LA QUESTIONE DEI COSTI STANDARD – Vediamo perché: il ddl prevede che nell’anno di partenza verranno soppressi dei trasferimenti statali sostituendoli con entrate proprie regionali e con un fondo perequativo. Il risultato (teorico) è pari a costi aggiuntivi zero. Inoltre, visto che la perequazione avverrà (per il grosso delle funzioni essenziali) a livello di costi standard – sarebbe meglio dire i fabbisogni standard, ma non perdiamoci in tecnicalità – sarà necessario, a meno di non ridurre il livello dei servizi offerti, che tutte le regioni offrano i servizi pubblici a loro attribuiti ad un costo più o meno “uniforme“, adeguandosi a quelle attualmente più efficienti. Questa è la “filosofia” contenuta nel testo del ddl. Che porterà ad una messa in discussione dell’attuale distribuzione territoriale di risorse tra nord e sud, che porterà a problemi applicativi non di poco conto. Ma come possa portare ad un aggravio di costi, è un mistero inspiegabile.

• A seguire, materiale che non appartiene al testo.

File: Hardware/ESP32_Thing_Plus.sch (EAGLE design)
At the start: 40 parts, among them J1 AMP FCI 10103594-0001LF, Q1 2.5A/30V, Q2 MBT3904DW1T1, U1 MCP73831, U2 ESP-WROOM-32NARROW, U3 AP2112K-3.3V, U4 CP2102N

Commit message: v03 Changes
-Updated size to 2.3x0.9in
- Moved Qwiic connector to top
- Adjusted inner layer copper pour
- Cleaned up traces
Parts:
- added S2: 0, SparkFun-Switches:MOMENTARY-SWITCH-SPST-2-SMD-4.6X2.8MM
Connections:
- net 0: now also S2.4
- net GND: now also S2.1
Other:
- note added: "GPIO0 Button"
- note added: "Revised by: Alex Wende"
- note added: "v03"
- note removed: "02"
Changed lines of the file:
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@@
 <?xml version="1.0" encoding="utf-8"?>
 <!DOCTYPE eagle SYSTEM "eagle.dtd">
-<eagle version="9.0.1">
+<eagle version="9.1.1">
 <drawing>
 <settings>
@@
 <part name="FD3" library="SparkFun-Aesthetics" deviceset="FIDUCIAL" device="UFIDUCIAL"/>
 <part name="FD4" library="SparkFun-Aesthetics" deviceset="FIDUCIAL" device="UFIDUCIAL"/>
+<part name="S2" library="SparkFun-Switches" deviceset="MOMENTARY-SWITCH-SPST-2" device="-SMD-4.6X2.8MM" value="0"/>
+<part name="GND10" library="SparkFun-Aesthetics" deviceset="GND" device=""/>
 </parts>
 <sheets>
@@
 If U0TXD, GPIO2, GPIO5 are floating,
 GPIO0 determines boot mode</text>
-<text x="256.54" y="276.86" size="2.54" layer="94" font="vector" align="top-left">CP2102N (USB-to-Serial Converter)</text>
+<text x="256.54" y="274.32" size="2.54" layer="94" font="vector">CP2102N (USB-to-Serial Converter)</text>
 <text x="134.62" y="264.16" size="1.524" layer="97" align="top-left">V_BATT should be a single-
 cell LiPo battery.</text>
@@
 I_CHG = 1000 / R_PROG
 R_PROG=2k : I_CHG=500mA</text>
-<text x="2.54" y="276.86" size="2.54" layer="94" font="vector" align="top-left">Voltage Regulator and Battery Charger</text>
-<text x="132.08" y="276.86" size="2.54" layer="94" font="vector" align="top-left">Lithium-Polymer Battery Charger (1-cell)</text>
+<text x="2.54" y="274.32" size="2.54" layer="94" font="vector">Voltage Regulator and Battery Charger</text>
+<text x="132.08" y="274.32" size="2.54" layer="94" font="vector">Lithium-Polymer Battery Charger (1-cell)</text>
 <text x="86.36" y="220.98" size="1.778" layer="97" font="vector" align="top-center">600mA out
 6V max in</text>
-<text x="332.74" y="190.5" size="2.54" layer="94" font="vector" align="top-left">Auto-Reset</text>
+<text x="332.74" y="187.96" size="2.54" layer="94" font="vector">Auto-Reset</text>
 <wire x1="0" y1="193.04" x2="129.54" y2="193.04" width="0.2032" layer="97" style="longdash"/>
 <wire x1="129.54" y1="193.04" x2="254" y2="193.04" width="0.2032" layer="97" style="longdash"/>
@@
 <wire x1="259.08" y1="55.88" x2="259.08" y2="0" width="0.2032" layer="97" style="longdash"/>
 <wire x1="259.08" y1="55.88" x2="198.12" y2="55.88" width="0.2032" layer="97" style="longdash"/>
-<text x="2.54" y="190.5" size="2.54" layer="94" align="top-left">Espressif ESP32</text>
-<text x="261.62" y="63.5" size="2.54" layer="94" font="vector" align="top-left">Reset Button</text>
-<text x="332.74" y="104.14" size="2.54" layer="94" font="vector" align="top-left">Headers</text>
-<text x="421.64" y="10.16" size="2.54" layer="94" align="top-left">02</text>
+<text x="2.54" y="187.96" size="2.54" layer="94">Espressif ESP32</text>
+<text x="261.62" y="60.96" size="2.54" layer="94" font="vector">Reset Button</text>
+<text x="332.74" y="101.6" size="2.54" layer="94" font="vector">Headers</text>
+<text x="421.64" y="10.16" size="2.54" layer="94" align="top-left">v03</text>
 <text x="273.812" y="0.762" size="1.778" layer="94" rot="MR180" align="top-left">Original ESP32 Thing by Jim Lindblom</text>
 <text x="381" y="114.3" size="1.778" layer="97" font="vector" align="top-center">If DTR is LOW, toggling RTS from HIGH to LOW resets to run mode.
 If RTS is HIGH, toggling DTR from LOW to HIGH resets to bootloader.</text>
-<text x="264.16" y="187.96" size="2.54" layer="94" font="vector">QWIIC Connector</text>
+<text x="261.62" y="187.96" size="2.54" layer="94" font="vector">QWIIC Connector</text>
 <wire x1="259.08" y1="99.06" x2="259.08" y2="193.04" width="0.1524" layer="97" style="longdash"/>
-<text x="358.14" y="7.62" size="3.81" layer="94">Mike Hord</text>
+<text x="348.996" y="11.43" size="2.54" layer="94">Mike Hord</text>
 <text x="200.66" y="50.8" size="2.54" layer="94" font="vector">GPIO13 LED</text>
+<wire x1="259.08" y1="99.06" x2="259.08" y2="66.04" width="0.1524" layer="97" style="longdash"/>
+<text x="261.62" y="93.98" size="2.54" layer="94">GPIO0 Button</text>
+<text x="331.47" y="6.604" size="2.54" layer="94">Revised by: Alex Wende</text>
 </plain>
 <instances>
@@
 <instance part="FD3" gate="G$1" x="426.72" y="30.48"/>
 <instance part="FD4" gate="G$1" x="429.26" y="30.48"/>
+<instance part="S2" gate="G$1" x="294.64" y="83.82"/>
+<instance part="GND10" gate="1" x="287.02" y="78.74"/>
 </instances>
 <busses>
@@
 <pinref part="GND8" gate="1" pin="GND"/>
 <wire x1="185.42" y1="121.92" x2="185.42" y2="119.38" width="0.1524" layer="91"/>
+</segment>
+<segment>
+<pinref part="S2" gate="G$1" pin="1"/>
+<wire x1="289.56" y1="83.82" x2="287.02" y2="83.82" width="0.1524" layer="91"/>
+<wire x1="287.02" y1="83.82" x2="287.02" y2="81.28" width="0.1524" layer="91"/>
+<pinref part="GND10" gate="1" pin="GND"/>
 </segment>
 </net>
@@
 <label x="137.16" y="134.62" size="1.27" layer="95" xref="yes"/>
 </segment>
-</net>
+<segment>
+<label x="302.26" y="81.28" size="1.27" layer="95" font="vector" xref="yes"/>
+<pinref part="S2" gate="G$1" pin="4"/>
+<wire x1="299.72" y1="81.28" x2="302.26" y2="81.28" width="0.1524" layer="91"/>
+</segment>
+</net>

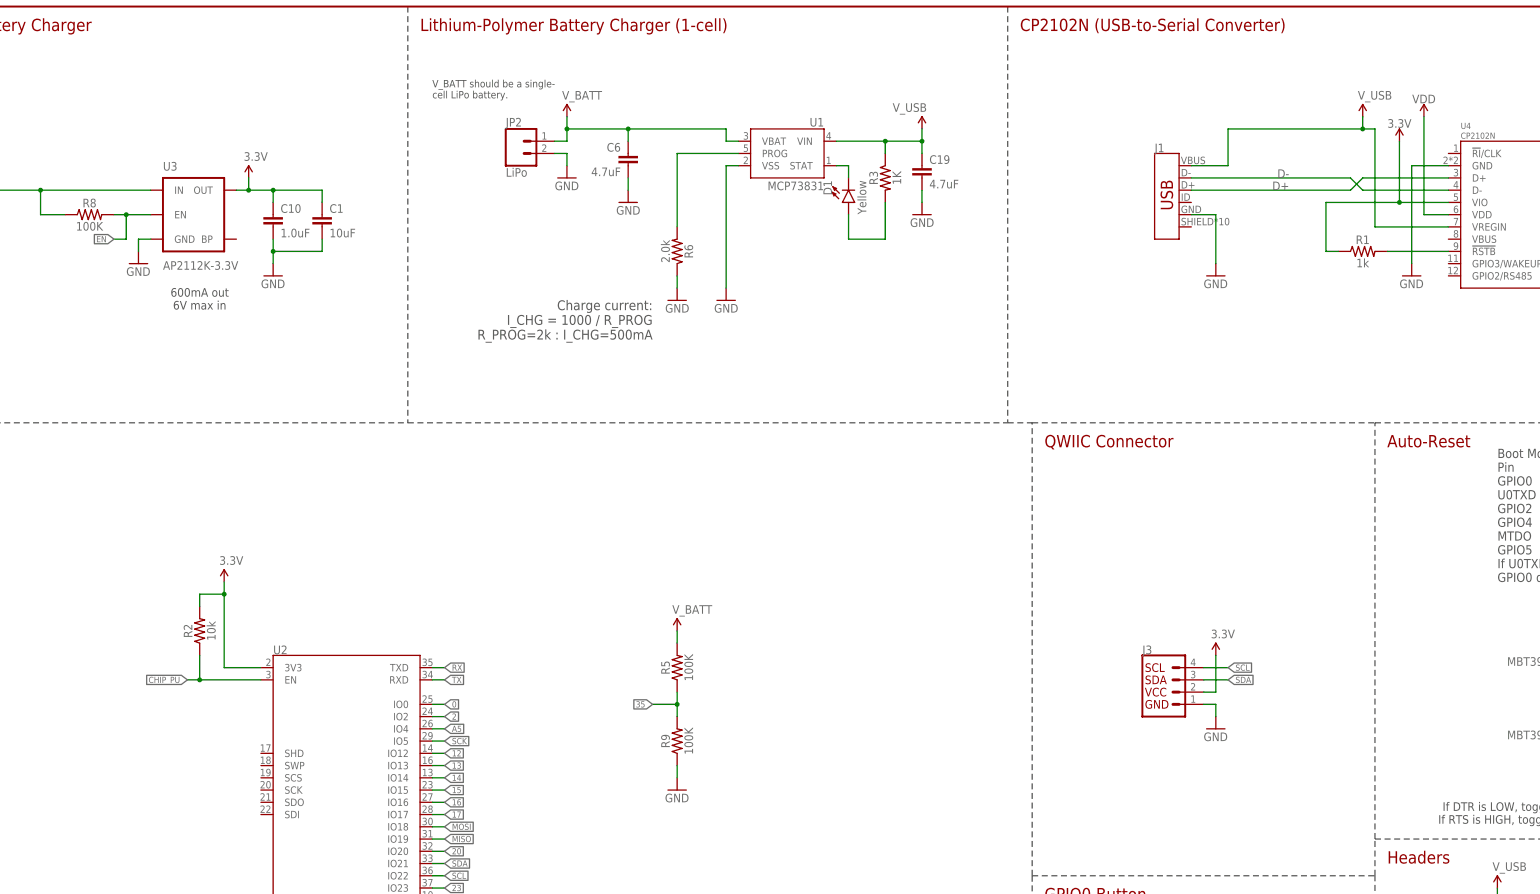
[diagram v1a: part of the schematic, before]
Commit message: V03 Changes Cont.
- Removed battery voltage divider
- Increased Board name silk on bottom
- Added NC buzzard labels to unconnected header pin.
- Added button to GPIO-0
- Swapped battery pins to match lipo battery pins
- Fixed missing pin connections on USB transceiver.
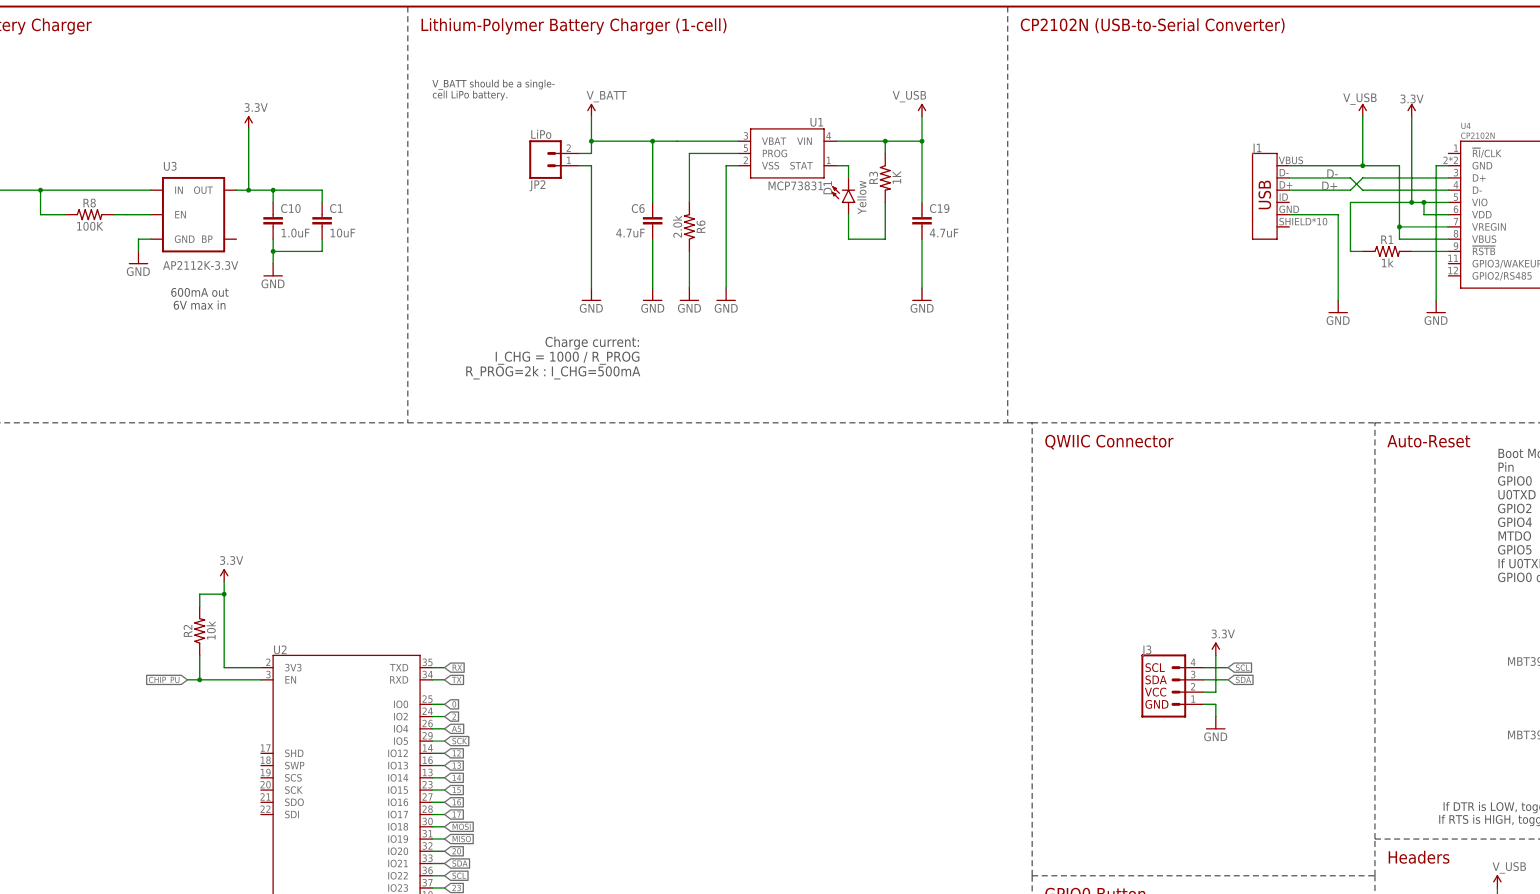
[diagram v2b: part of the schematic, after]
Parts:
- removed R5, R9: 100K, SparkFun-Resistors:100KOHM-0402-1/16W-1%
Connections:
- removed net VDD: U4.VDD
- net 3.3V: now also U4.VDD
- net 35: no longer R5.1, R9.2
- net GND: now also JP2.2; no longer JP2.1, R9.1
- net V_BATT: now also JP2.1; no longer JP2.2, R5.2
- net V_USB: now also U4.VBUS
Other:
- moved on the sheet: C19, C6, J1, JP2, R1, R6

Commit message: V03 QC Fixes
- Replaced via on GPIO0 with test point via
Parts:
- added TP1: TEST-POINTTP_15TH_THRU, SparkFun-Connectors:TEST-POINTTP_15TH_THRU
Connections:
- net 0: now also TP1.1
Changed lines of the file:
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@@
 <part name="S2" library="SparkFun-Switches" deviceset="MOMENTARY-SWITCH-SPST-2" device="-SMD-4.6X2.8MM" value="0"/>
 <part name="GND10" library="SparkFun-Aesthetics" deviceset="GND" device=""/>
+<part name="TP1" library="SparkFun-Connectors" deviceset="TEST-POINT" device="TP_15TH_THRU" value=""/>
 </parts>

FEDERALISMO O GATTOPARDISMO? – Un mistero però che si svela se si ascoltano bene le autorevoli parole del presidente del Senato. “Il federalismo fiscale dovrà fornire giust Il federalismo fiscale dei gattopardi e risposte al malessere del Nord ma non potrà trascurare le giuste aspettative del Mezzogiorno. Non è difficile capire che cosa significa. E se non fosse chiaro, ascoltiamo ancora Schifani a proposito dei FAS “I fondi destinati al Mezzogiorno devono rimanere in loco, utilizzati e spesi per sviluppo, infrastrutture e crescita. So che il governo regionale siciliano e gli altri governi del Sud hanno molto lamentato alcune anomale destinazioni di questi fondi per fini diversi da quelli propri. Bene, la voce del presidente del Senato si farà sentire perché tali risorse non vadano altrove o non vengano utilizzate per altri fini“. Ecco, ora il discorso si fa chiaro. Bisogna che tutto cambi perchè tutto resti come prima. Ma allora, se la burocrazia centrale non verrà ridotta in cambio della dilatazione di quella periferica, il federalismo fiscale comporterà effettivamente un maggior costo. E se comuni, province e regioni attraverso i vari potentati locali si terranno le maggiori risorse locali derivanti dall’aumento dell’autonomia tributaria e continueranno a pretendere lo stesso da Roma i trasferimenti attuali, magari “ricattando” governo e parlamento in virtù del loro appoggio in future elezioni, allora sì che il federalismo fiscale comporterà una spesa aggiuntiva e non un beneficio.

IL TRADIMENTO DEL FEDERALISMO – E, sempre per dirla con il presidente Schifani, “I ritardi del Sud non possono tutti essere consapevolmente attribuiti a incapacità o ancor peggio a negligenze“. ma certo, ci mancherebbe. Certo, i casi di Catania (regalo di 140 milioni di euro) e quello che sta scoppiando a Palermo confermano che il presidente del Senato ha una vista eccellente, e che ha parlato a nuora, con voce forte e chiara, perché la suocera intenda. Il federalismo è in pericolo, e non è un caso che Gilberto Muraro, che ha collaborato al testo Calderoli, chiude un suo recente intervento su LaVoce.info : “Ovviamente, non si può chiedere al riformatore di prevedere il fallimento della propria riforma. Ma lo studioso ha il dovere di farlo se le condizioni strutturali lo rendono l’evento più probabile, a dispetto delle buone intenzioni del legislatore e dei criteri di stimolo e salvaguardia che vengono inseriti nella legge. Il quesito che logicamente precede ogni ricerca quantitativa è dunque quello, banale e drammatico insieme, che riguarda la probabilità di corretta applicazione della riforma. A seconda della risposta, si cercherà poi di stimare il risparmio o il costo che il federalismo fiscale comporterà per il paese.”  Caro federalismo, io speriamo che me la cavo.